Quali sono le zone più problematiche del rione?

“In Vicolo Moroni, nella zona del Cinema Trastevere, succede di tutto. Ho dei video girati in una sola notte, nell’arco di quaranta minuti, in cui si vedono risse, rapporti sessuali sulle auto, persone che urinano per strada e ragazze che si cambiano gli assorbenti in pubblico…”.

Perché proprio queste aree sono diventate così problematiche?

“Stiamo chiedendo un presidio fisso, ma non riusciamo ancora a ottenerlo. Tra via Mameli, via Santini, via Tittoni e la Scala del Tamburino succede di tutto. Ci sono anche alcune vie private che sbucano sulla Scala del Tamburino. Ed è proprio lì che accade di tutto. C’è poi il fenomeno dei fuochi d’artificio, che va avanti da sei o sette mesi. Li hanno fatti esplodere anche sotto le finestre delle case…”.

Come è cambiata la vita dei residenti?

“Di giorno si vive bene, ma di notte ci sentiamo quasi prigionieri in casa. Noi residenti di Trastevere siamo sempre stati abituati a vivere il rione, a passeggiare, a uscire la sera. Oggi è diventato difficile e pericoloso: devi stare attenta a chi guardi, a come guardi e perfino al motivo per cui guardi qualcuno, perché rischi di essere aggredita…”.

Qual è il lavoro che svolge il Comitato Emergenza Trastevere?

“Come comitato, continuiamo a presentare esposti, a sollecitare denunce e ad essere presenti sul territorio. Abbiamo una rete di iscritti distribuita in tutto il rione e questo ci permette di ricevere in tempo reale video e segnalazioni di quello che accade. Grazie a questo materiale possiamo fare denunce, esposti e mantenere alta l’attenzione…”.

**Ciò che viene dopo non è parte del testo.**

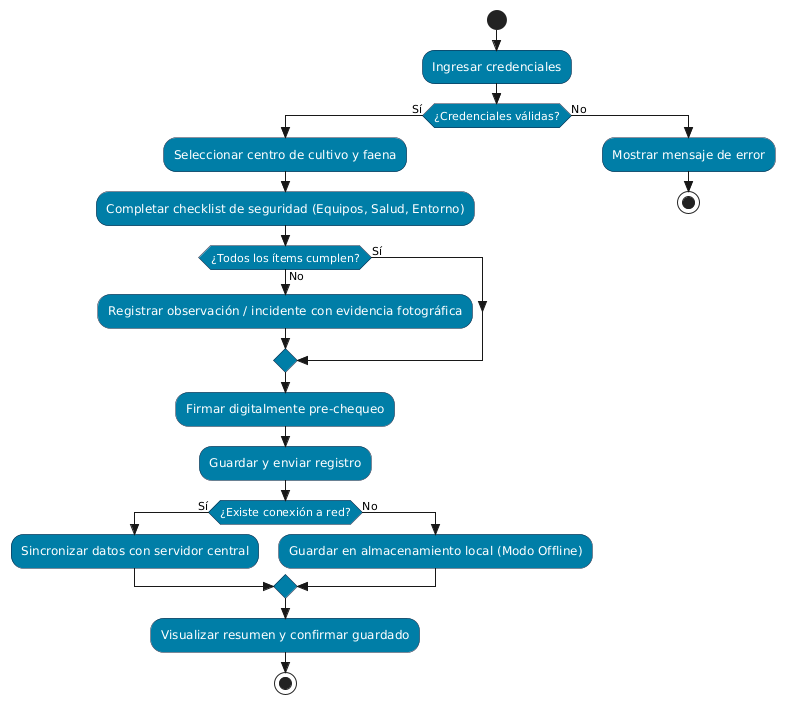

The diagram above was rendered by PlantUML. Its source (embedded in the PNG):
@startuml
skinparam Style strictuml
skinparam ActivityBackgroundColor #007ea7
skinparam ActivityBorderColor #14213d
skinparam ActivityFontColor #ffffff
skinparam DiamondBackgroundColor #fca311
skinparam DiamondBorderColor #14213d

start
:Ingresar credenciales;

if (¿Credenciales válidas?) then (Sí)
  :Seleccionar centro de cultivo y faena;
  :Completar checklist de seguridad (Equipos, Salud, Entorno);
  
  if (¿Todos los ítems cumplen?) then (Sí)
  else (No)
    :Registrar observación / incidente con evidencia fotográfica;
  endif
  
  :Firmar digitalmente pre-chequeo;
  :Guardar y enviar registro;
  
  if (¿Existe conexión a red?) then (Sí)
    :Sincronizar datos con servidor central;
  else (No)
    :Guardar en almacenamiento local (Modo Offline);
  endif
  
  :Visualizar resumen y confirmar guardado;
  stop
else (No)
  :Mostrar mensaje de error;
  stop
endif
@enduml

Lei continua a esporsi in prima persona su queste battaglie. Ha mai avuto problemi?

“Io continuo a portare avanti le mie battaglie senza nascondermi, sempre mettendoci la faccia. I problemi sono tanti, a partire da quelli legati alla ristorazione e all’occupazione dello spazio pubblico. Quando vieni intervistata una volta ci metti la faccia, ma poi non puoi sparire…”.

C’è stato qualche episodio particolare che ricorda?

“Una volta un ristoratore mi è venuto contro, davanti anche alle telecamere, chiedendomi come mi fossi permessa di pubblicare un video in cui si vedeva che stava annaffiando con un idrante le persone in mezzo alla strada. Abbiamo avuto una discussione praticamente in diretta. Ma, alla fine, continuo a fare quello che ritengo giusto per il rione…”.